**Brief**
Among the lines below, which ones contain the word "circle"? Copy every such line.

____________

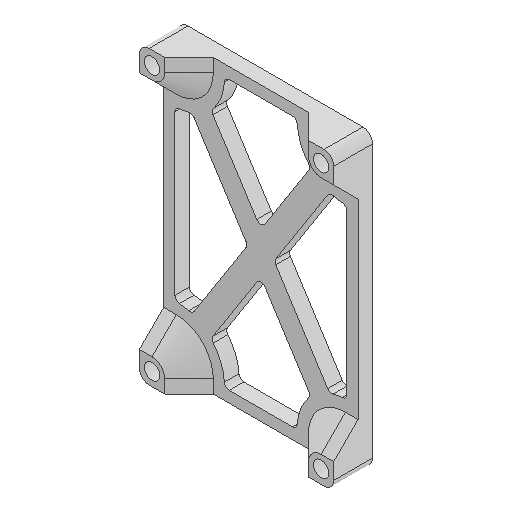
# Autodesk Inventor part: Test_PCB_Board_4x6
Saved by Autodesk Inventor 2026.2 (Build 302298000, 298)
## iProperties
Created: 2026-05-06
Part Number: Test_PCB_Board_4x6
Material: Generic
Document SubType Name: Modeling
Designer: pacoa
Density: 1 g/cm^3
Appearance: Default
Author: pacoa
Autodesk Inventor part; units mm, degrees
ref_plane "YZ Plane" through (0, 0, 0) normal (1, 0, 0) x (0, 1, 0)
ref_plane "XZ Plane" through (0, 0, 0) normal (0, 1, 0) x (-1, 0, 0)
ref_plane "XY Plane" through (0, 0, 0) normal (0, 0, 1) x (1, 0, 0)
sketch "Sketch1" plane through (0, 0, 0) normal (0, 1, 0) x (-1, 0, 0)
  line L0 (0, 0) -> (40, 0)
  line L1 (40, 0) -> (40, -60)
  line L2 (40, -60) -> (0, -60)
  line L3 (0, -60) -> (0, 0)
  circle A0 centre (2.6, -2.75) radius 1.27
  circle A1 centre (37.4, -2.75) radius 1.27
  circle A2 centre (37.4, -57.25) radius 1.27
  circle A3 centre (2.6, -57.25) radius 1.27
  dimension "d1" = 40
  dimension "d2" = 60
  dimension "d15" = 2.54
  dimension "d20" = 2.75
  dimension "d21" = 2.6
  dimension "d22" = 2.54
  dimension "d23" = 2.75
  dimension "d24" = 2.6
  dimension "d25" = 2.54
  dimension "d26" = 2.54
  dimension "d27" = 2.75
  dimension "d28" = 2.75
  dimension "d29" = 2.6
  dimension "d30" = 2.6
  constraints: 8 end point, 4 centre point, 2 parallel, 1 horizontal, 1 perpendicular
  measures "d1" distance of L1.end L2.end
  measures "d2" distance of L0.end L1.end
  measures "d15" diameter of A0
  measures "d20" distance from line of L0 A0.centre
  measures "d21" distance from line of L3 A0.centre
  measures "d22" diameter of A1
  measures "d23" distance from line of L0 A1.centre
  measures "d24" distance from line of L1 A1.centre
  measures "d25" diameter of A2
  measures "d26" diameter of A3
  measures "d27" distance from line of L2 A2.centre
  measures "d28" distance from line of L2 A3.centre
  measures "d29" distance from line of L3 A3.centre
  measures "d30" distance from line of L1 A2.centre
extrude "Extrusion1" add sketch "Sketch1" along normal blind 3 contours L0 L1 L2 L3 | A0 | A1 | A2 | A3
sketch "Sketch2" plane through (0, 0, 0) normal (0, -1, 0) x (1, 0, 0)
  line L0 (-40, 0) -> (0, 0) projected
  line L1 (0, -60) -> (-40, -60) projected
  arc A0 (-5.2, -2.75) -> (-2.6, -5.35) centre (-2.6, -2.75) ccw
  line L2 (0, 0) -> (0, -60) projected
  arc A1 (-2.6, -54.65) -> (-5.2, -57.25) centre (-2.6, -57.25) ccw
  arc A2 (-34.8, -57.25) -> (-37.4, -54.65) centre (-37.4, -57.25) ccw
  line L3 (-40, -60) -> (-40, 0) projected
  arc A3 (-37.4, -5.35) -> (-34.8, -2.75) centre (-37.4, -2.75) ccw
  line L4 (-34.8, -57.25) -> (-34.8, -60)
  line L5 (-34.8, -2.75) -> (-34.8, 0)
  line L6 (-5.2, -57.25) -> (-5.2, -60)
  line L7 (-5.2, -2.75) -> (-5.2, 0)
  line L8 (-37.4, -54.65) -> (-40, -54.65)
  line L9 (0, -5.35) -> (-2.6, -5.35)
  line L10 (-37.4, -5.35) -> (-40, -5.35)
  line L11 (-40, -54.65) -> (-37.4, -54.65)
  line L12 (-2.6, -54.65) -> (0, -54.65)
  constraints: 18 end point, 8 point on circle, 8 point on line, 4 centre point, 4 coincident, 4 tangent, 4 vertical, 3 horizontal
extrude "Extrusion2" add sketch "Sketch2" along normal blind 5 contours L0 L5 A3 L10 L3 | L0 L2 L9 A0 L7 | L8 A2 L4 L1 L3 | L2 L1 L6 A1 L12
sketch "Sketch4" plane through (0, -5, 0) normal (0, -1, 0) x (1, 0, 0)
  arc A0 (-2.6, -54.65) -> (-5.2, -57.25) centre (-2.6, -57.25) ccw projected
  arc A1 (-34.8, -57.25) -> (-37.4, -54.65) centre (-37.4, -57.25) ccw projected
  arc A2 (-5.2, -2.75) -> (-2.6, -5.35) centre (-2.6, -2.75) ccw projected
  arc A3 (-37.4, -5.35) -> (-34.8, -2.75) centre (-37.4, -2.75) ccw projected
  point P0 (0, 0)
  constraints: 4 coincident
hole "Hole2" at (-2.6, -5, -57.25) at (-37.4, -5, -57.25) at (-2.6, -5, -2.75) at (-37.4, -5, -2.75) direction (0, 1, 0) diameter 3.2 depth 4 tip angle 118
chamfer "Chamfer1" distance 5 angle 45 12 edges at (-1.3, 0, -54.65) (-4.4385, 0, -55.4115) (-5.2, 0, -58.625) (-35.5615, 0, -55.4115) (-34.8, 0, -58.625) (-38.7, 0, -54.65) (-35.5615, 0, -4.5885) (-38.7, 0, -5.35) (-34.8, 0, -1.375) (-1.3, 0, -5.35) (-4.4385, 0, -4.5885) (-5.2, 0, -1.375)
sketch "Sketch5" plane through (0, 0, 0) normal (0, -1, 0) x (1, 0, 0)
  line L0 (-10.2, 0) -> (-10.2, -2.75) projected
  line L1 (-29.8, 0) -> (-10.2, 0) projected
  line L2 (-29.8, -2.75) -> (-29.8, 0) projected
  arc A0 (-37.4, -10.35) -> (-29.8, -2.75) centre (-37.4, -2.75) ccw projected
  line L3 (-40, -10.35) -> (-37.4, -10.35) projected
  line L4 (-40, -49.65) -> (-40, -10.35) projected
  line L5 (-37.4, -49.65) -> (-40, -49.65) projected
  arc A1 (-29.8, -57.25) -> (-37.4, -49.65) centre (-37.4, -57.25) ccw projected
  line L6 (-29.8, -60) -> (-29.8, -57.25) projected
  line L7 (-10.2, -60) -> (-29.8, -60) projected
  line L8 (-10.2, -57.25) -> (-10.2, -60) projected
  arc A2 (-2.6, -49.65) -> (-10.2, -57.25) centre (-2.6, -57.25) ccw projected
  line L9 (0, -49.65) -> (-2.6, -49.65) projected
  line L10 (0, -10.35) -> (0, -49.65) projected
  line L11 (-2.6, -10.35) -> (0, -10.35) projected
  arc A3 (-10.2, -2.75) -> (-2.6, -10.35) centre (-2.6, -2.75) ccw projected
  line L12 (-12.5, -57.25) -> (-12.5, -57.7)
  line L13 (-13.4861, -57.7) -> (-26.5139, -57.7)
  line L14 (-27.5, -57.7) -> (-27.5, -57.25)
  line L15 (-37.4, -47.35) -> (-37.7, -47.35)
  line L16 (-37.7, -46.3725) -> (-37.7, -13.6275)
  line L17 (-37.7, -12.65) -> (-37.4, -12.65)
  line L18 (-27.5, -2.75) -> (-27.5, -2.3)
  line L19 (-26.5139, -2.3) -> (-13.4861, -2.3)
  line L20 (-12.5, -2.3) -> (-12.5, -2.75)
  line L21 (-2.6, -12.65) -> (-2.3, -12.65)
  line L22 (-2.3, -13.6275) -> (-2.3, -46.3725)
  line L23 (-2.3, -47.35) -> (-2.6, -47.35)
  line L24 (0, -60) -> (-40, -60) projected
  arc A4 (-5.2, -2.75) -> (-2.6, -5.35) centre (-2.6, -2.75) ccw projected
  circle A5 centre (-37.4, -2.75) radius 1.6 projected
  line L25 (-0.6615, -56.0122) -> (-2.3, -53.4461)
  line L26 (-4.5385, -58.4878) -> (-5.0416, -57.7)
  line L27 (-34.9584, -57.7) -> (-35.4615, -58.4878)
  line L28 (-37.7, -53.4461) -> (-39.3385, -56.0122)
  arc A6 (-3.2358, -47.3704) -> (-5.1517, -47.6845) centre (-2.6, -57.25) ccw
  arc A7 (-10.2041, -50.9106) -> (-12.4874, -56.7505) centre (-2.6, -57.25) ccw
  arc A8 (-27.5126, -56.7505) -> (-29.7959, -50.9106) centre (-37.4, -57.25) ccw
  arc A9 (-34.8483, -47.6845) -> (-36.7642, -47.3704) centre (-37.4, -57.25) ccw
  arc A10 (-36.7642, -12.6296) -> (-34.8483, -12.3155) centre (-37.4, -2.75) ccw
  arc A11 (-29.7959, -9.0894) -> (-27.5126, -3.2495) centre (-37.4, -2.75) ccw
  arc A12 (-12.4874, -3.2495) -> (-10.2041, -9.0894) centre (-2.6, -2.75) ccw
  arc A13 (-5.1517, -12.3155) -> (-3.2358, -12.6296) centre (-2.6, -2.75) ccw
  line L29 (-6.2523, -47.2565) -> (-16.9275, -30.5382)
  line L30 (-20.8428, -24.4063) -> (-29.8707, -10.2679)
  line L31 (-6.2523, -12.7435) -> (-16.9275, -29.4618)
  line L32 (-20.8428, -35.5937) -> (-29.8707, -49.7321)
  line L33 (-10.1293, -49.7321) -> (-19.1572, -35.5937)
  line L34 (-23.0725, -29.4618) -> (-33.7477, -12.7435)
  line L35 (-10.1293, -10.2679) -> (-19.1572, -24.4063)
  line L36 (-23.0725, -30.5382) -> (-33.7477, -47.2565)
  arc A14 (-3.2358, -47.3704) -> (-2.3, -46.3725) centre (-3.3, -46.3725) ccw
  arc A15 (-6.2523, -47.2565) -> (-5.1517, -47.6845) centre (-5.4095, -46.7183) ccw
  arc A16 (-10.2041, -50.9106) -> (-10.1293, -49.7321) centre (-10.9722, -50.2703) ccw
  arc A17 (-13.4861, -57.7) -> (-12.4874, -56.7505) centre (-13.4861, -56.7) ccw
  arc A18 (-27.5126, -56.7505) -> (-26.5139, -57.7) centre (-26.5139, -56.7) ccw
  arc A19 (-29.8707, -49.7321) -> (-29.7959, -50.9106) centre (-29.0278, -50.2703) ccw
  arc A20 (-34.8483, -47.6845) -> (-33.7477, -47.2565) centre (-34.5905, -46.7183) ccw
  arc A21 (-37.7, -46.3725) -> (-36.7642, -47.3704) centre (-36.7, -46.3725) ccw
  arc A22 (-36.7642, -12.6296) -> (-37.7, -13.6275) centre (-36.7, -13.6275) ccw
  arc A23 (-33.7477, -12.7435) -> (-34.8483, -12.3155) centre (-34.5905, -13.2817) ccw
  arc A24 (-23.0725, -30.5382) -> (-23.0725, -29.4618) centre (-23.9154, -30) ccw
  arc A25 (-19.1572, -35.5937) -> (-20.8428, -35.5937) centre (-20, -36.1318) ccw
  arc A26 (-16.9275, -29.4618) -> (-16.9275, -30.5382) centre (-16.0846, -30) ccw
  arc A27 (-20.8428, -24.4063) -> (-19.1572, -24.4063) centre (-20, -23.8682) ccw
  arc A28 (-5.1517, -12.3155) -> (-6.2523, -12.7435) centre (-5.4095, -13.2817) ccw
  arc A29 (-2.3, -13.6275) -> (-3.2358, -12.6296) centre (-3.3, -13.6275) ccw
  arc A30 (-10.1293, -10.2679) -> (-10.2041, -9.0894) centre (-10.9722, -9.7297) ccw
  arc A31 (-12.4874, -3.2495) -> (-13.4861, -2.3) centre (-13.4861, -3.3) ccw
  arc A32 (-26.5139, -2.3) -> (-27.5126, -3.2495) centre (-26.5139, -3.3) ccw
  arc A33 (-29.7959, -9.0894) -> (-29.8707, -10.2679) centre (-29.0278, -9.7297) ccw
  point P0 (0, 0)
  point P1 (-34.1564, -12.1035)
  point P2 (-30.2793, -9.6279)
  point P3 (-5.8436, -12.1035)
  point P4 (-9.7207, -9.6279)
  point P5 (-5.8436, -47.8965)
  point P6 (-9.7207, -50.3721)
  point P7 (-30.2793, -50.3721)
  point P8 (-34.1564, -47.8965)
  dimension "d57" = 1
  constraints: 72 point on circle, 48 end point, 40 tangent, 28 centre point, 20 point on line, 19 equal radius, 8 other
  measures "d57" radius of A14
extrude "Extrusion3" cut sketch "Sketch5" against normal through all contours L13 A18 A8 A19 L32 A25 L33 A16 A7 A17 | L16 A22 A10 A23 L34 A24 L36 A20 A9 A21 | L19 A31 A12 A30 L35 A27 L30 A33 A11 A32 | L22 A14 A6 A15 L29 A26 L31 A28 A13 A29
fillet "Fillet1" [suppressed]
fillet "Fillet2" radius 2 4 edges at (-40, -1, 0) (-40, -1, -60) (0, -1, -60) (0, -1, 0)
equation "\"d23\" = d20"
equation "\"d24\" = d21"
equation "\"d27\" = d23"
equation "\"d28\" = d20"
equation "\"d29\" = d21"
equation "\"d30\" = d21"
body "Solid1"

____________

**Exercise response**
  circle A0 centre (2.6, -2.75) radius 1.27
  circle A1 centre (37.4, -2.75) radius 1.27
  circle A2 centre (37.4, -57.25) radius 1.27
  circle A3 centre (2.6, -57.25) radius 1.27
  constraints: 18 end point, 8 point on circle, 8 point on line, 4 centre point, 4 coincident, 4 tangent, 4 vertical, 3 horizontal
  circle A5 centre (-37.4, -2.75) radius 1.6 projected
  constraints: 72 point on circle, 48 end point, 40 tangent, 28 centre point, 20 point on line, 19 equal radius, 8 other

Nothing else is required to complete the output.